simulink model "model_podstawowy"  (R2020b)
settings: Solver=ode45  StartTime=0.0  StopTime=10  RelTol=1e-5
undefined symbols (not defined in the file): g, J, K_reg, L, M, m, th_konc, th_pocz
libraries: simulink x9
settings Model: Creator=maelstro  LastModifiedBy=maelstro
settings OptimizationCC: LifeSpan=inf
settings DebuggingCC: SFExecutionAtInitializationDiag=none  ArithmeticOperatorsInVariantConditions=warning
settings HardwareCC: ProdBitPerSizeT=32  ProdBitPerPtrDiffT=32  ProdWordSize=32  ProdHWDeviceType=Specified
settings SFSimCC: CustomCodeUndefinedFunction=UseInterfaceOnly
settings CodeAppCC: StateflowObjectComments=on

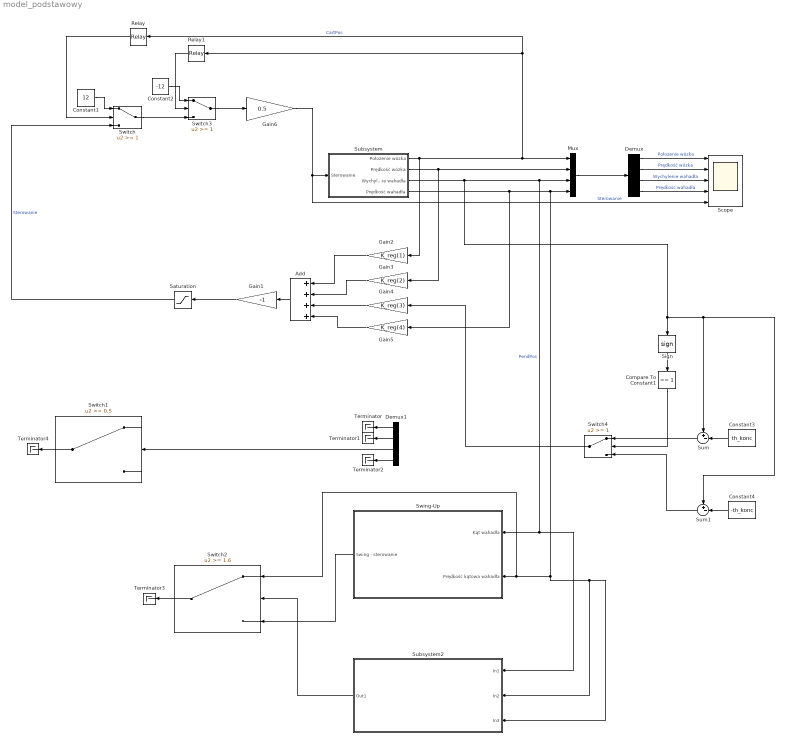
== system model_podstawowy ==
  Add : Sum  Inputs=++++
  Compare To Constant1 : simulink/Logic and Bit Operations/Compare To Constant  relop===  const=1  OutDataTypeStr=boolean
  Constant1 : Constant  Value=12
  Constant2 : Constant  Value=-12
  Constant3 : Constant  Value=th_konc
  Constant4 : Constant  Value=-th_konc
  Demux : Demux
  Demux1 : Demux
  Gain1 : Gain  Gain=-1
  Gain2 : Gain  Gain=K_reg(1)
  Gain3 : Gain  Gain=K_reg(2)
  Gain4 : Gain  Gain=K_reg(3)
  Gain5 : Gain  Gain=K_reg(4)
  Gain6 : Gain  Gain=0.5
  Mux : Mux
  Relay : Relay  OnSwitchValue=0.7  OffSwitchValue=0.6
  Relay1 : Relay  OnSwitchValue=-0.6  OffSwitchValue=-0.7  OnOutputValue=0  OffOutputValue=1
  Saturation : Saturate  UpperLimit=12  LowerLimit=-12
  Scope : Scope  NumInputPorts=5
  Sign : Signum
  Subsystem : Subsystem
  Subsystem2 : Subsystem
  Sum : Sum  Inputs=+-|
  Sum1 : Sum  Inputs=+-|
  Swing-Up : Subsystem
  Switch : Switch  Threshold=1
  Switch1 : Switch  Threshold=0.5
  Switch2 : Switch  Threshold=1.6
  Switch3 : Switch  Threshold=1
  Switch4 : Switch  Threshold=1
  Terminator{,1..4} (5 alike) : Terminator
  wires:
  Mux/1 -> Demux/1
  Subsystem/2(Prędkość wózka) -> Gain3/1, Mux/2
  Demux/1 -> Scope/1  "Położenie wózka"
  Demux/2 -> Scope/2  "Prędkość wózka"
  Demux/3 -> Scope/3  "Wychylenie wahadła"
  Demux/4 -> Scope/4  "Prędkość wahadła"
  Subsystem/4(Prędkość wahadła) -> Subsystem2/3(In3), Subsystem2/2(In2), Switch2/1, Swing-Up/2(Prędkość kątowa wahadła), Mux/4, Gain5/1
  Subsystem2/1(Out1) -> Switch2/2
  Swing-Up/1(Swing - sterowanie) -> Switch2/3
  Demux1/4 -> Terminator2/1
  Demux1/2 -> Terminator1/1
  Demux1/1 -> Terminator/1
  Demux1/3 -> Switch1/2
  Switch2/1 -> Terminator3/1
  Switch1/1 -> Terminator4/1
  Subsystem/1(Położenie wózka) -> Gain2/1, Relay/1, Relay1/1, Mux/1  "CartPos"
  Constant2/1 -> Switch3/1
  Relay/1 -> Switch/2
  Constant1/1 -> Switch/1
  Relay1/1 -> Switch3/2
  Saturation/1 -> Switch/3  "Sterowanie"
  Switch/1 -> Switch3/3
  Add/1 -> Gain1/1
  Switch4/1 -> Gain4/1
  Gain5/1 -> Add/4
  Gain4/1 -> Add/3
  Gain3/1 -> Add/2
  Gain2/1 -> Add/1
  Gain1/1 -> Saturation/1
  Switch3/1 -> Gain6/1
  Gain6/1 -> Scope/5, Subsystem/1(Sterowanie)  "Sterowanie"
  Subsystem/3(Wychylenie wahadła) -> Subsystem2/1(In1), Swing-Up/1(Kąt wahadła), Mux/3, Sum1/1, Sum/1, Sign/1  "PendPos"
  Constant3/1 -> Sum/2
  Sign/1 -> Compare To Constant1/1
  Sum/1 -> Switch4/1
  Constant4/1 -> Sum1/2
  Sum1/1 -> Switch4/3
  Compare To Constant1/1 -> Switch4/2

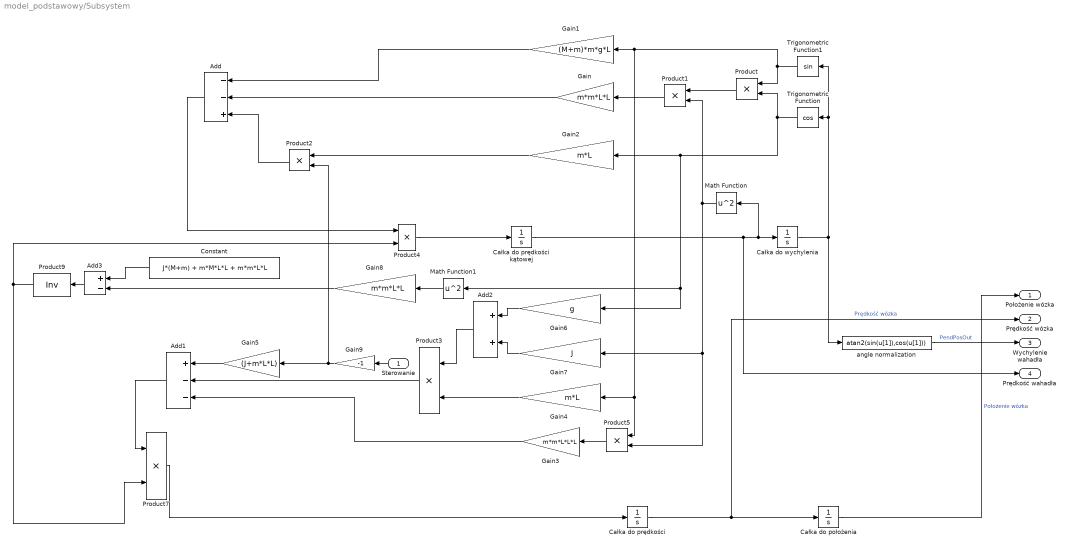
== system model_podstawowy/Subsystem ==
  Sterowanie : Inport
  Add : Sum  Inputs=--+
  Add1 : Sum  Inputs=+--
  Add2 : Sum
  Add3 : Sum  Inputs=+-
  Całka do położenia : Integrator
  Całka do prędkości : Integrator
  Całka do prędkości kątowej : Integrator
  Całka do wychylenia : Integrator  InitialCondition=th_pocz
  Constant : Constant  Value=J*(M+m) + m*M*L*L + m*m*L*L
  Gain : Gain  Gain=m*m*L*L
  Gain1 : Gain  Gain=(M+m)*m*g*L
  Gain2 : Gain  Gain=m*L
  Gain3 : Gain  Gain=m*m*L*L*L
  Gain4 : Gain  Gain=m*L
  Gain5 : Gain  Gain=(J+m*L*L)
  Gain6 : Gain  Gain=g
  Gain7 : Gain  Gain=J
  Gain8 : Gain  Gain=m*m*L*L
  Gain9 : Gain  Gain=-1
  Math Function : Math  Operator=square  SignedPower=on  SaturateOnIntegerOverflow=on
  Math Function1 : Math  Operator=square  SignedPower=on  SaturateOnIntegerOverflow=on
  Product{,1..5,7} (7 alike) : Product
  Product9 : Product  Inputs=/  Multiplication=Matrix(*)
  Trigonometric Function : Trigonometry  Operator=cos
  Trigonometric Function1 : Trigonometry
  angle normalization : Fcn  Expr=atan2(sin(u[1]),cos(u[1]))
  Położenie wózka : Outport
  Prędkość wózka : Outport  Port=2
  Wychylenie wahadła : Outport  Port=3
  Prędkość wahadła : Outport  Port=4
  wires:
  Add/1 -> Product4/1
  Całka do prędkości/1 -> Prędkość wózka/1, Całka do położenia/1  "Prędkość wózka"
  Gain4/1 -> Product3/2
  Product3/1 -> Add1/2
  Trigonometric Function/1 -> Math Function1/1, Gain6/1, Gain2/1, Product/2
  Gain2/1 -> Product2/1
  Product1/1 -> Gain/1
  Całka do położenia/1 -> Położenie wózka/1  "Położenie wózka"
  Trigonometric Function1/1 -> Product/1, Product5/1, Gain4/1, Gain1/1
  Product4/1 -> Całka do prędkości kątowej/1
  Gain/1 -> Add/2
  Gain1/1 -> Add/1
  Product/1 -> Product1/1
  Product2/1 -> Add/3
  Gain3/1 -> Add1/3
  Całka do prędkości kątowej/1 -> Prędkość wahadła/1, Math Function/1, Całka do wychylenia/1
  Gain5/1 -> Add1/1
  Math Function/1 -> Product1/2, Product5/2, Gain7/1
  Gain7/1 -> Add2/2
  Gain6/1 -> Add2/1
  Add2/1 -> Product3/1
  Product5/1 -> Gain3/1
  Add3/1 -> Product9/1
  Constant/1 -> Add3/1
  Gain8/1 -> Add3/2
  Math Function1/1 -> Gain8/1
  Product9/1 -> Product4/2, Product7/2
  Add1/1 -> Product7/1
  Product7/1 -> Całka do prędkości/1
  Całka do wychylenia/1 -> angle normalization/1, Trigonometric Function1/1, Trigonometric Function/1
  angle normalization/1 -> Wychylenie wahadła/1  "PendPosOut"
  Sterowanie/1 -> Gain9/1
  Gain9/1 -> Product2/2, Gain5/1

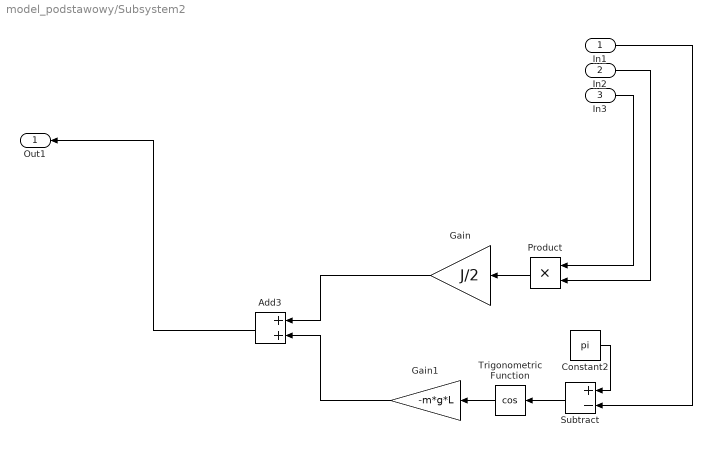
== system model_podstawowy/Subsystem2 ==
  In1 : Inport
  In2 : Inport  Port=2
  In3 : Inport  Port=3
  Add3 : Sum
  Constant2 : Constant  Value=pi
  Gain : Gain  Gain=J/2
  Gain1 : Gain  Gain=-m*g*L
  Product : Product
  Subtract : Sum  Inputs=+-
  Trigonometric Function : Trigonometry  Operator=cos
  Out1 : Outport
  wires:
  Trigonometric Function/1 -> Gain1/1
  Gain1/1 -> Add3/2
  Gain/1 -> Add3/1
  Constant2/1 -> Subtract/1
  Add3/1 -> Out1/1
  Product/1 -> Gain/1
  Subtract/1 -> Trigonometric Function/1
  In1/1 -> Subtract/2
  In2/1 -> Product/2
  In3/1 -> Product/1

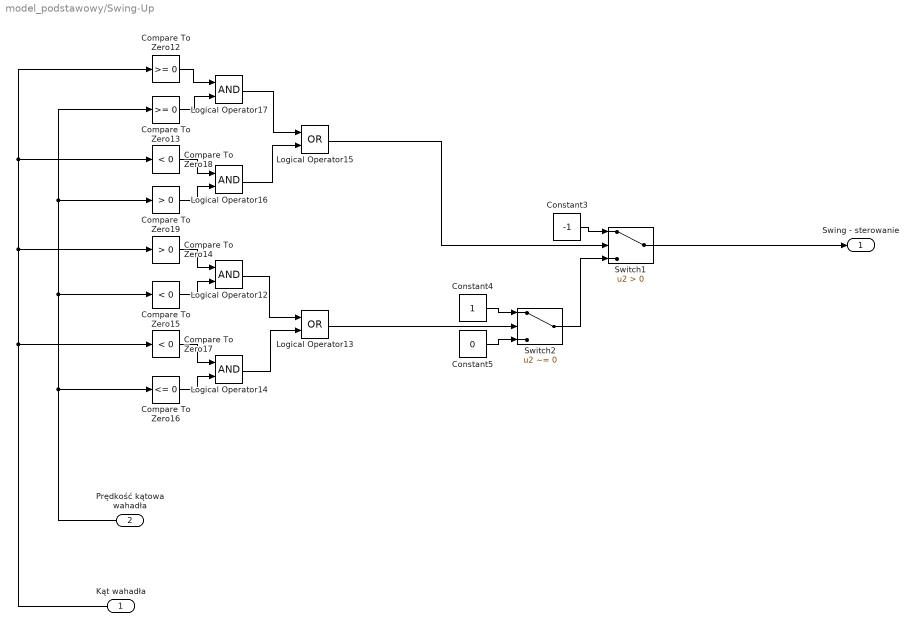
== system model_podstawowy/Swing-Up ==
  Kąt wahadła : Inport
  Prędkość kątowa wahadła : Inport  Port=2
  Compare To Zero12 : simulink/Logic and Bit Operations/Compare To Zero  relop=>=  OutDataTypeStr=uint8
  Compare To Zero13 : simulink/Logic and Bit Operations/Compare To Zero  relop=>=  OutDataTypeStr=uint8
  Compare To Zero14 : simulink/Logic and Bit Operations/Compare To Zero  relop=>  OutDataTypeStr=uint8
  Compare To Zero15 : simulink/Logic and Bit Operations/Compare To Zero  relop=<  OutDataTypeStr=uint8
  Compare To Zero16 : simulink/Logic and Bit Operations/Compare To Zero  relop=<=  OutDataTypeStr=uint8
  Compare To Zero17 : simulink/Logic and Bit Operations/Compare To Zero  relop=<  OutDataTypeStr=uint8
  Compare To Zero18 : simulink/Logic and Bit Operations/Compare To Zero  relop=<  OutDataTypeStr=uint8
  Compare To Zero19 : simulink/Logic and Bit Operations/Compare To Zero  relop=>  OutDataTypeStr=uint8
  Constant3 : Constant  Value=-1
  Constant4 : Constant
  Constant5 : Constant  Value=0
  Logical Operator{12,14,16..17} (4 alike) : Logic  AllPortsSameDT=off  OutDataTypeStr=boolean
  Logical Operator13 : Logic  Operator=OR  AllPortsSameDT=off  OutDataTypeStr=boolean
  Logical Operator15 : Logic  Operator=OR  AllPortsSameDT=off  OutDataTypeStr=boolean
  Switch1 : Switch  Criteria=u2 > Threshold
  Switch2 : Switch  Criteria=u2 ~= 0
  Swing - sterowanie : Outport
  wires:
  Prędkość kątowa wahadła/1 -> Compare To Zero15/1, Compare To Zero19/1, Compare To Zero13/1, Compare To Zero16/1
  Kąt wahadła/1 -> Compare To Zero17/1, Compare To Zero14/1, Compare To Zero18/1, Compare To Zero12/1
  Switch1/1 -> Swing - sterowanie/1
  Compare To Zero16/1 -> Logical Operator14/2
  Compare To Zero18/1 -> Logical Operator16/1
  Switch2/1 -> Switch1/3
  Logical Operator14/1 -> Logical Operator13/2
  Constant5/1 -> Switch2/3
  Logical Operator12/1 -> Logical Operator13/1
  Compare To Zero17/1 -> Logical Operator14/1
  Compare To Zero12/1 -> Logical Operator17/1
  Logical Operator16/1 -> Logical Operator15/2
  Compare To Zero14/1 -> Logical Operator12/1
  Constant4/1 -> Switch2/1
  Compare To Zero15/1 -> Logical Operator12/2
  Compare To Zero13/1 -> Logical Operator17/2
  Logical Operator17/1 -> Logical Operator15/1
  Logical Operator15/1 -> Switch1/2
  Constant3/1 -> Switch1/1
  Compare To Zero19/1 -> Logical Operator16/2
  Logical Operator13/1 -> Switch2/2
········
#### What the exercise asks
Reproduce the lines of the records exactly, from the first one through the line that contains "settings DebuggingCC: SFExecutionAtInitializationDiag=none".

#### Exercise response
simulink model "model_podstawowy"  (R2020b)
settings: Solver=ode45  StartTime=0.0  StopTime=10  RelTol=1e-5
undefined symbols (not defined in the file): g, J, K_reg, L, M, m, th_konc, th_pocz
libraries: simulink x9
settings Model: Creator=maelstro  LastModifiedBy=maelstro
settings OptimizationCC: LifeSpan=inf
settings DebuggingCC: SFExecutionAtInitializationDiag=none  ArithmeticOperatorsInVariantConditions=warning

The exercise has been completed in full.